I don’t buy they lose money . I think they is much “ creative accounting “ there


----------



## Taxi2Rideshare (May 17, 2018)

UberPotomac said:


> I don’t buy they lose money . I think they is much “ creative accounting “ there


I like the way you think, but most of Uber's founding staff is gone. Who will its creative accounting benefit? Its shareholders? TK saw a sinking ship and cashed-out years ago.

I considered doing a piece covering Uber's financials, which will benefit the community. With so much free time, I just might do an unfiltered brief of Uber's upcoming earnings release. That way you get a complete picture instead of the rosy media coverage pushed by institutions.

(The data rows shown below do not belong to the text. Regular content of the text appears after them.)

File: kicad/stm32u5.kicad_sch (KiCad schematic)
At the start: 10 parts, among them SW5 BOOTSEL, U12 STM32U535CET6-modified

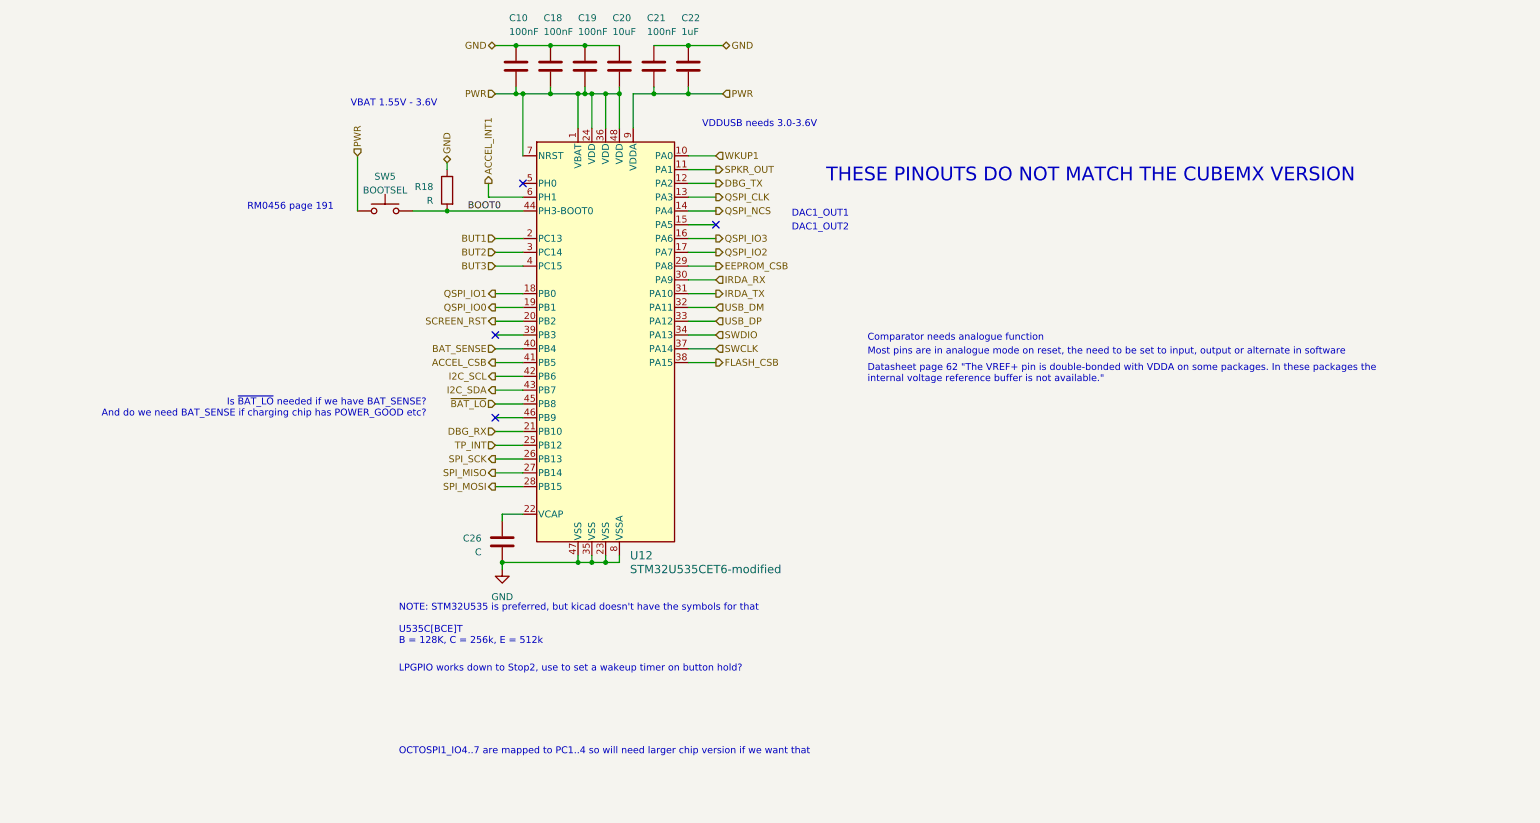
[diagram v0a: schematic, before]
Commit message: Update schematic and add basic PCB layout
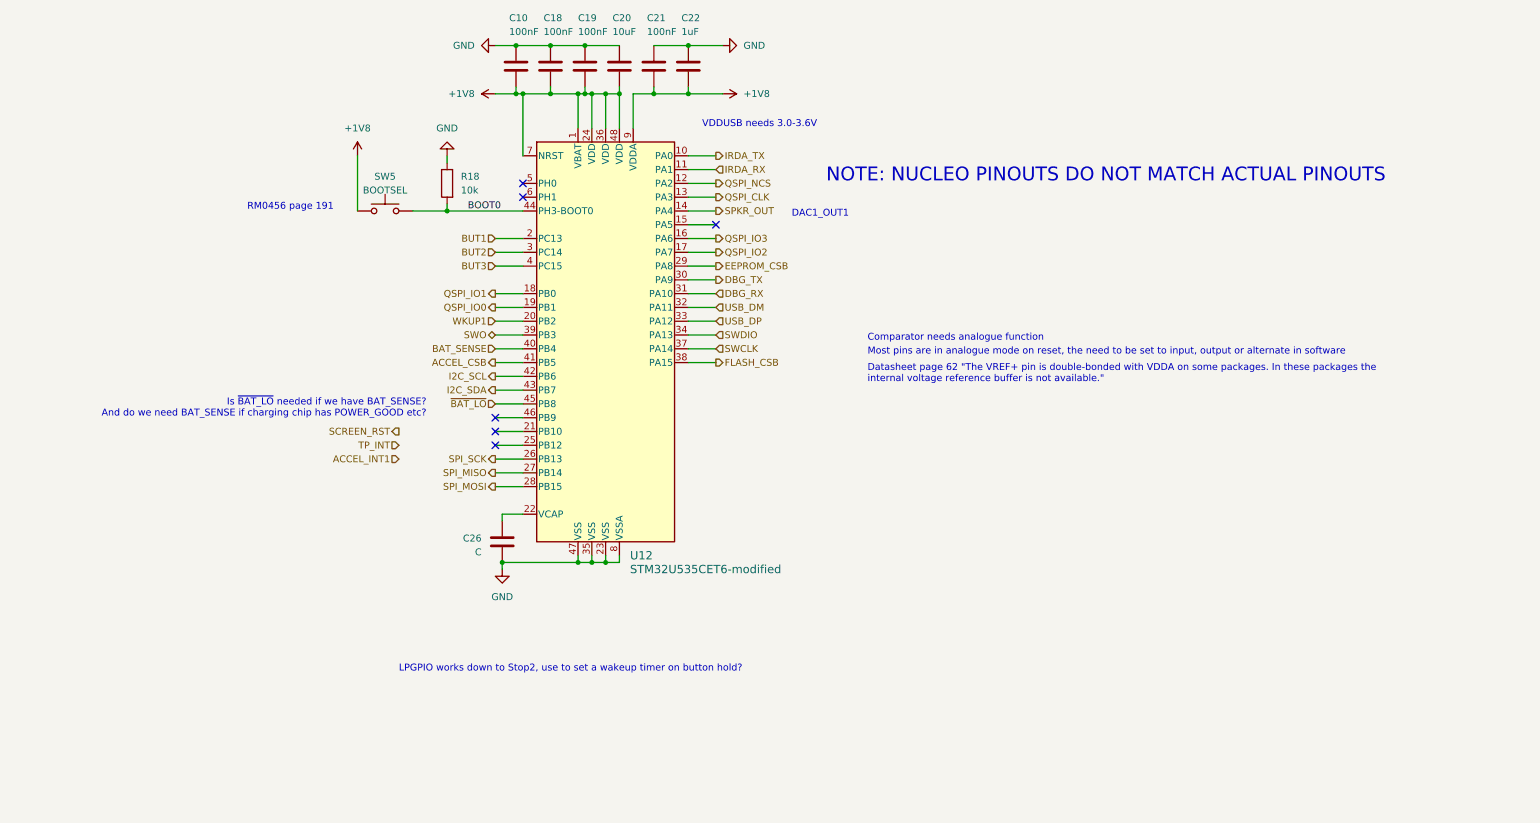
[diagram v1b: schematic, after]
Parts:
- C26: footprint (none) -> Capacitor_SMD:C_0402_1005Metric
- R18: value R -> 10k; footprint (none) -> Capacitor_SMD:C_0402_1005Metric
- U12: footprint LQFP48-7x7mm_STM -> Package_QFP:LQFP-48_7x7mm_P0.5mm
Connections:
- net ACCEL_INT1: no longer U12.6 (PH1)
- net DBG_RX: now also U12.31 (PA10); no longer U12.21 (PB10)
- net DBG_TX: now also U12.30 (PA9); no longer U12.12 (PA2)
- net IRDA_RX: now also U12.11 (PA1); no longer U12.30 (PA9)
- net IRDA_TX: now also U12.10 (PA0); no longer U12.31 (PA10)
- net QSPI_NCS: now also U12.12 (PA2); no longer U12.14 (PA4)
- net SCREEN_RST: no longer U12.20 (PB2)
- net SPKR_OUT: now also U12.14 (PA4); no longer U12.11 (PA1)
- net TP_INT: no longer U12.25 (PB12)
- net WKUP1: now also U12.20 (PB2); no longer U12.10 (PA0)
- net SWO: now reaches U12.39 (PB3)
- net PWR renamed +1V8
- no-connect marks 4 -> 6
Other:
- note added: "NOTE: NUCLEO PINOUTS DO NOT MATCH ACTUAL PINOUTS"
- note removed: "DAC1_OUT2"
- note removed: "NOTE: STM32U535 is preferred, but kicad doesn't have the symbols for that U535C[BCE]T B = 128K, C = 256k, E = 512k"
- note removed: "OCTOSPI1_IO4..7 are mapped to PC1..4 so will need larger chip version if we want that"
- note removed: "THESE PINOUTS DO NOT MATCH THE CUBEMX VERSION"
- note removed: "VBAT 1.55V - 3.6V"
- moved on the sheet: R18

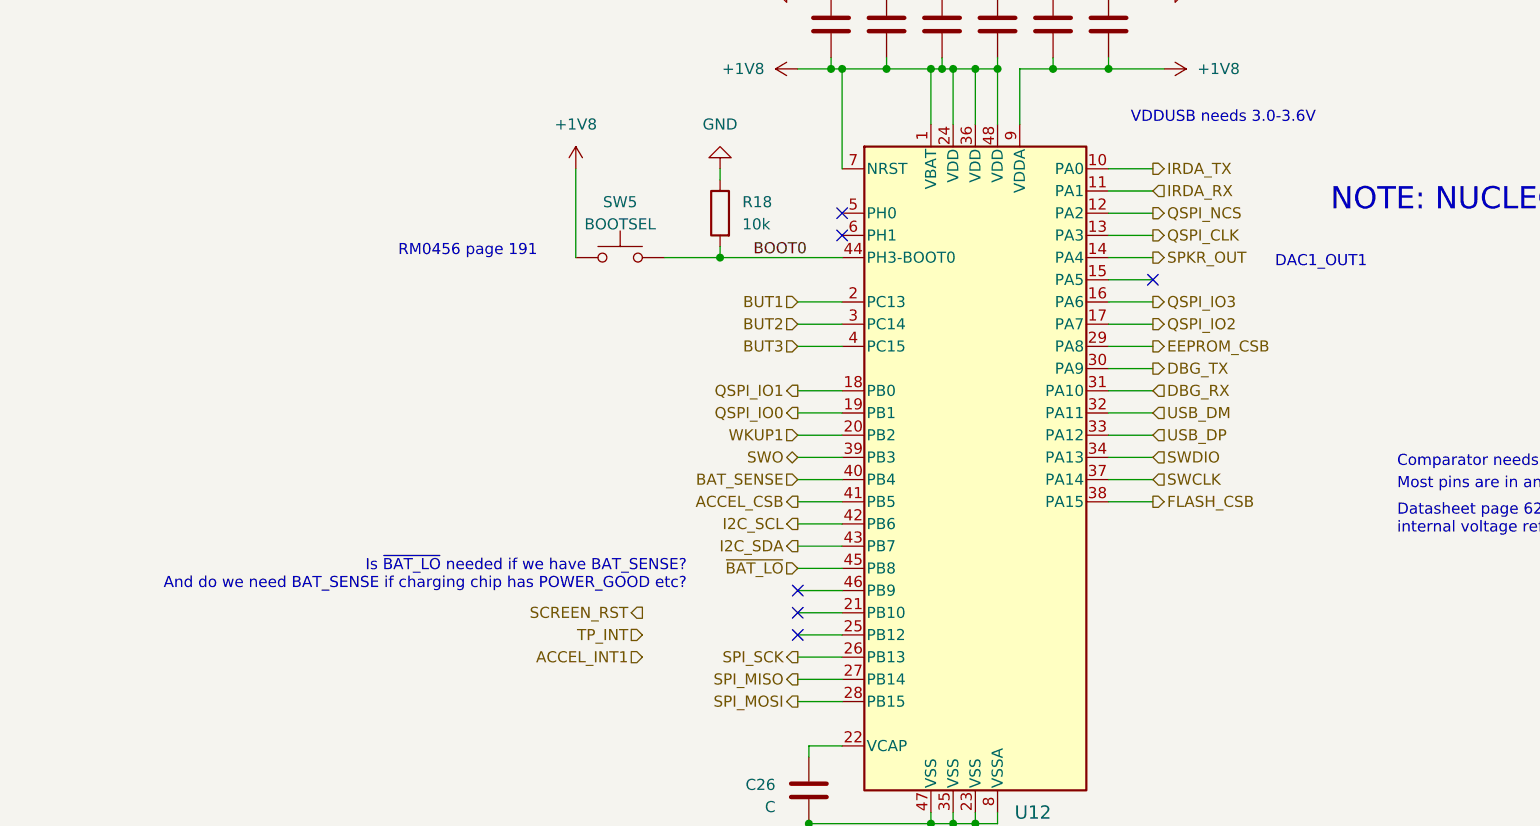
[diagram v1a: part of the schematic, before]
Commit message: Change schematic MCU pinouts
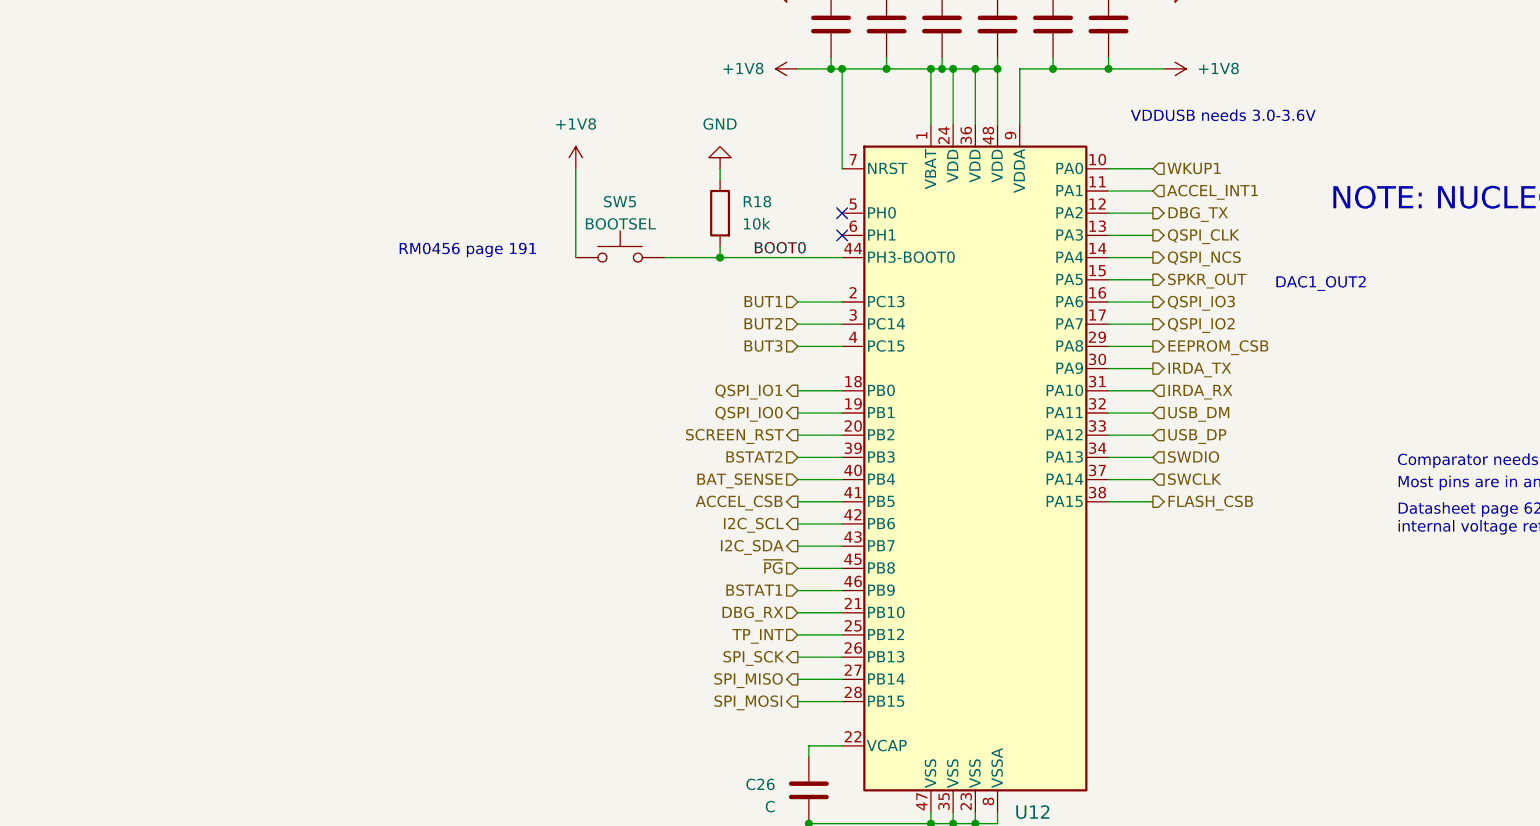
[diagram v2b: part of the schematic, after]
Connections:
- net ACCEL_INT1: now also U12.11 (PA1)
- net DBG_RX: now also U12.21 (PB10); no longer U12.31 (PA10)
- net DBG_TX: now also U12.12 (PA2); no longer U12.30 (PA9)
- net IRDA_RX: now also U12.31 (PA10); no longer U12.11 (PA1)
- net IRDA_TX: now also U12.30 (PA9); no longer U12.10 (PA0)
- net QSPI_NCS: now also U12.14 (PA4); no longer U12.12 (PA2)
- net SCREEN_RST: now also U12.20 (PB2)
- net SPKR_OUT: now also U12.15 (PA5); no longer U12.14 (PA4)
- net TP_INT: now also U12.25 (PB12)
- net WKUP1: now also U12.10 (PA0); no longer U12.20 (PB2)
- net BSTAT1: now reaches U12.46 (PB9)
- net SWO renamed BSTAT2
- net ~{BAT_LO} renamed ~{PG}
- no-connect marks 6 -> 2
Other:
- note added: "DAC1_OUT2"
- note removed: "DAC1_OUT1"
- note removed: "Is ~{BAT_LO} needed if we have BAT_SENSE? And do we need BAT_SENSE if charging chip has POWER_GOOD etc?"
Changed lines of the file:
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@@
   (junction (at 110.49 33.02) (diameter 0) (color 0 0 0 0)
   )
-  (no_connect (at 95.25 97.79))
   (no_connect (at 100.33 52.07))
-  (no_connect (at 95.25 95.25))
   (no_connect (at 100.33 49.53))
-  (no_connect (at 135.89 57.15))
-  (no_connect (at 95.25 92.71))
   (wire (pts (xy 115.57 33.02) (xy 118.11 33.02))
     (stroke (width 0) (type default))
@@
     (effects (font (size 1.27 1.27)) (justify left bottom))
   )
-  (text "DAC1_OUT1" (at 149.86 55.88 0)
-    (effects (font (size 1.27 1.27)) (justify left bottom))
-  )
-  (text "Is ~{BAT_LO} needed if we have BAT_SENSE?\nAnd do we need BAT_SENSE if charging chip has POWER_GOOD etc?\n"
-    (at 82.55 92.71 0)
-    (effects (font (size 1.27 1.27)) (justify right bottom))
+  (text "DAC1_OUT2" (at 149.86 58.42 0)
+    (effects (font (size 1.27 1.27)) (justify left bottom))
   )
   (text "NOTE: NUCLEO PINOUTS DO NOT MATCH ACTUAL PINOUTS" (at 156.21 49.53 0)
@@
     (effects (font (size 1.27 1.27)) (justify left bottom))
   )
-  (hierarchical_label "IRDA_RX" (shape input) (at 135.89 46.99 0) (fields_autoplaced)
-    (effects (font (size 1.27 1.27)) (justify left))
+  (hierarchical_label "BSTAT1" (shape input) (at 95.25 92.71 180) (fields_autoplaced)
+    (effects (font (size 1.27 1.27)) (justify right))
   )
   (hierarchical_label "ACCEL_CSB" (shape output) (at 95.25 82.55 180) (fields_autoplaced)
     (effects (font (size 1.27 1.27)) (justify right))
   )
-  (hierarchical_label "SCREEN_RST" (shape output) (at 77.47 95.25 180) (fields_autoplaced)
+  (hierarchical_label "SCREEN_RST" (shape output) (at 95.25 74.93 180) (fields_autoplaced)
     (effects (font (size 1.27 1.27)) (justify right))
   )
@@
     (effects (font (size 1.27 1.27)) (justify left))
   )
+  (hierarchical_label "IRDA_TX" (shape output) (at 135.89 67.31 0) (fields_autoplaced)
+    (effects (font (size 1.27 1.27)) (justify left))
+  )
+  (hierarchical_label "QSPI_NCS" (shape output) (at 135.89 54.61 0) (fields_autoplaced)
+    (effects (font (size 1.27 1.27)) (justify left))
+  )
   (hierarchical_label "SWCLK" (shape input) (at 135.89 80.01 0) (fields_autoplaced)
     (effects (font (size 1.27 1.27)) (justify left))
   )
-  (hierarchical_label "SPKR_OUT" (shape output) (at 135.89 54.61 0) (fields_autoplaced)
-    (effects (font (size 1.27 1.27)) (justify left))
-  )
-  (hierarchical_label "QSPI_NCS" (shape output) (at 135.89 49.53 0) (fields_autoplaced)
-    (effects (font (size 1.27 1.27)) (justify left))
-  )
-  (hierarchical_label "DBG_TX" (shape output) (at 135.89 67.31 0) (fields_autoplaced)
+  (hierarchical_label "DBG_TX" (shape output) (at 135.89 49.53 0) (fields_autoplaced)
     (effects (font (size 1.27 1.27)) (justify left))
   )
@@
     (effects (font (size 1.27 1.27)) (justify right))
   )
+  (hierarchical_label "SPKR_OUT" (shape output) (at 135.89 57.15 0) (fields_autoplaced)
+    (effects (font (size 1.27 1.27)) (justify left))
+  )
+  (hierarchical_label "ACCEL_INT1" (shape input) (at 135.89 46.99 0) (fields_autoplaced)
+    (effects (font (size 1.27 1.27)) (justify left))
+  )
+  (hierarchical_label "QSPI_IO1" (shape output) (at 95.25 69.85 180) (fields_autoplaced)
+    (effects (font (size 1.27 1.27)) (justify right))
+  )
+  (hierarchical_label "~{PG}" (shape input) (at 95.25 90.17 180) (fields_autoplaced)
+    (effects (font (size 1.27 1.27)) (justify right))
+  )
+  (hierarchical_label "WKUP1" (shape input) (at 135.89 44.45 0) (fields_autoplaced)
+    (effects (font (size 1.27 1.27)) (justify left))
+  )
+  (hierarchical_label "SPI_MOSI" (shape output) (at 95.25 105.41 180) (fields_autoplaced)
+    (effects (font (size 1.27 1.27)) (justify right))
+  )
+  (hierarchical_label "TP_INT" (shape input) (at 95.25 97.79 180) (fields_autoplaced)
+    (effects (font (size 1.27 1.27)) (justify right))
+  )
+  (hierarchical_label "BUT3" (shape input) (at 95.25 64.77 180) (fields_autoplaced)
+    (effects (font (size 1.27 1.27)) (justify right))
+  )
+  (hierarchical_label "FLASH_CSB" (shape output) (at 135.89 82.55 0) (fields_autoplaced)
+    (effects (font (size 1.27 1.27)) (justify left))
+  )
+  (hierarchical_label "BUT1" (shape input) (at 95.25 59.69 180) (fields_autoplaced)
+    (effects (font (size 1.27 1.27)) (justify right))
+  )
+  (hierarchical_label "QSPI_IO3" (shape output) (at 135.89 59.69 0) (fields_autoplaced)
+    (effects (font (size 1.27 1.27)) (justify left))
+  )
+  (hierarchical_label "USB_DM" (shape input) (at 135.89 72.39 0) (fields_autoplaced)
+    (effects (font (size 1.27 1.27)) (justify left))
+  )
+  (hierarchical_label "IRDA_RX" (shape input) (at 135.89 69.85 0) (fields_autoplaced)
+    (effects (font (size 1.27 1.27)) (justify left))
+  )
+  (hierarchical_label "SPI_MISO" (shape output) (at 95.25 102.87 180) (fields_autoplaced)
+    (effects (font (size 1.27 1.27)) (justify right))
+  )
+  (hierarchical_label "USB_DP" (shape input) (at 135.89 74.93 0) (fields_autoplaced)
+    (effects (font (size 1.27 1.27)) (justify left))
+  )
+  (hierarchical_label "I2C_SCL" (shape output) (at 95.25 85.09 180) (fields_autoplaced)
+    (effects (font (size 1.27 1.27)) (justify right))
+  )
+  (hierarchical_label "BSTAT2" (shape input) (at 95.25 77.47 180) (fields_autoplaced)
+    (effects (font (size 1.27 1.27)) (justify right))
+  )
+  (hierarchical_label "DBG_RX" (shape input) (at 95.25 95.25 180) (fields_autoplaced)
+    (effects (font (size 1.27 1.27)) (justify right))
+  )
+  (hierarchical_label "QSPI_IO2" (shape output) (at 135.89 62.23 0) (fields_autoplaced)
+    (effects (font (size 1.27 1.27)) (justify left))
+  )
   (hierarchical_label "BAT_SENSE" (shape input) (at 95.25 80.01 180) (fields_autoplaced)
     (effects (font (size 1.27 1.27)) (justify right))
   )
-  (hierarchical_label "ACCEL_INT1" (shape input) (at 77.47 100.33 180) (fields_autoplaced)
-    (effects (font (size 1.27 1.27)) (justify right))
-  )
-  (hierarchical_label "QSPI_IO1" (shape output) (at 95.25 69.85 180) (fields_autoplaced)
-    (effects (font (size 1.27 1.27)) (justify right))
-  )
-  (hierarchical_label "IRDA_TX" (shape output) (at 135.89 44.45 0) (fields_autoplaced)
-    (effects (font (size 1.27 1.27)) (justify left))
-  )
-  (hierarchical_label "WKUP1" (shape input) (at 95.25 74.93 180) (fields_autoplaced)
-    (effects (font (size 1.27 1.27)) (justify right))
-  )
-  (hierarchical_label "SWO" (shape bidirectional) (at 95.25 77.47 180) (fields_autoplaced)
-    (effects (font (size 1.27 1.27)) (justify right))
-  )
-  (hierarchical_label "~{BAT_LO}" (shape input) (at 95.25 90.17 180) (fields_autoplaced)
-    (effects (font (size 1.27 1.27)) (justify right))
-  )
-  (hierarchical_label "SPI_MOSI" (shape output) (at 95.25 105.41 180) (fields_autoplaced)
-    (effects (font (size 1.27 1.27)) (justify right))
-  )
-  (hierarchical_label "TP_INT" (shape input) (at 77.47 97.79 180) (fields_autoplaced)
-    (effects (font (size 1.27 1.27)) (justify right))
-  )
-  (hierarchical_label "BUT3" (shape input) (at 95.25 64.77 180) (fields_autoplaced)
-    (effects (font (size 1.27 1.27)) (justify right))
-  )
-  (hierarchical_label "FLASH_CSB" (shape output) (at 135.89 82.55 0) (fields_autoplaced)
-    (effects (font (size 1.27 1.27)) (justify left))
-  )
-  (hierarchical_label "BUT1" (shape input) (at 95.25 59.69 180) (fields_autoplaced)
-    (effects (font (size 1.27 1.27)) (justify right))
-  )
-  (hierarchical_label "DBG_RX" (shape input) (at 135.89 69.85 0) (fields_autoplaced)
-    (effects (font (size 1.27 1.27)) (justify left))
-  )
-  (hierarchical_label "QSPI_IO3" (shape output) (at 135.89 59.69 0) (fields_autoplaced)
-    (effects (font (size 1.27 1.27)) (justify left))
-  )
-  (hierarchical_label "USB_DM" (shape input) (at 135.89 72.39 0) (fields_autoplaced)
-    (effects (font (size 1.27 1.27)) (justify left))
-  )
-  (hierarchical_label "SPI_MISO" (shape output) (at 95.25 102.87 180) (fields_autoplaced)
-    (effects (font (size 1.27 1.27)) (justify right))
-  )
-  (hierarchical_label "USB_DP" (shape input) (at 135.89 74.93 0) (fields_autoplaced)
-    (effects (font (size 1.27 1.27)) (justify left))
-  )
-  (hierarchical_label "I2C_SCL" (shape output) (at 95.25 85.09 180) (fields_autoplaced)
-    (effects (font (size 1.27 1.27)) (justify right))
-  )
-  (hierarchical_label "QSPI_IO2" (shape output) (at 135.89 62.23 0) (fields_autoplaced)
-    (effects (font (size 1.27 1.27)) (justify left))
-  )
   (symbol (lib_id "Device:C") (at 124.46 27.94 0) (unit 1)

Much of those cash flows go toward legal, which the media hardly ever mentions.


----------



## Bojingles (Sep 18, 2015)

I'm thinking uber is a dump and pump house of cards for the elite. Major write offs to hide earnings


----------



## Bojingles (Sep 18, 2015)

If they owned the cars they would be bankrupt or definitely raise rates taxi rates


----------



## Mole (Mar 9, 2017)

In the future they want to own or lease driverless cars that cost 125k each and cost $250 a hour to work on and maintain and may cause more problems then drivers.


----------



## tohunt4me (Nov 23, 2015)

Taxi2Rideshare said:


> I like the way you think, but most of Uber's founding staff is gone. Who will its creative accounting benefit? Its shareholders? TK saw a sinking ship and cashed-out years ago.
> 
> I considered doing a piece covering Uber's financials, which will benefit the community. With so much free time, I just might do an unfiltered brief of Uber's upcoming earnings release. That way you get a complete picture instead of the rosy media coverage pushed by institutions.
> 
> Much of those cash flows go toward legal, which the media hardly ever mentions.


Travis could have bilked private investors for another 3 years !
They went public too soon !


----------



## SHalester (Aug 25, 2019)

Mole said:


> 9 years to break even is a big difference from 11 years and still losing money.


no. that is not a big difference. 2 years? Plus, Amazon had stuff consumers really really wanted in high percentages. RS only wishes it did.


----------



## The Entomologist (Sep 23, 2018)

SpinalCabbage said:


> They have no viable plan to attain profitability. The are the underpants gnomes of the stock market.


Yeah, it's pure failure at this point...

Has anyone seen how they are reporting the taxes now? Lyft was letting you see they were taking about 70% of the "gross" while you kept 30%, a friend told me.

If even by doing that, they are losing money, then axe the parasite.


----------



## goneubering (Aug 17, 2017)

Mole said:


> In the future they want to own or lease driverless cars that cost 125k each and cost $250 a hour to work on and maintain and may cause more problems then drivers.


That’s a fantasy. It might have helped pump up Uber’s stock price but it’s not going to happen in the real world.


----------



## Mole (Mar 9, 2017)

goneubering said:


> That’s a fantasy. It might have helped pump up Uber’s stock price but it’s not going to happen in the real world.


Agreed.


----------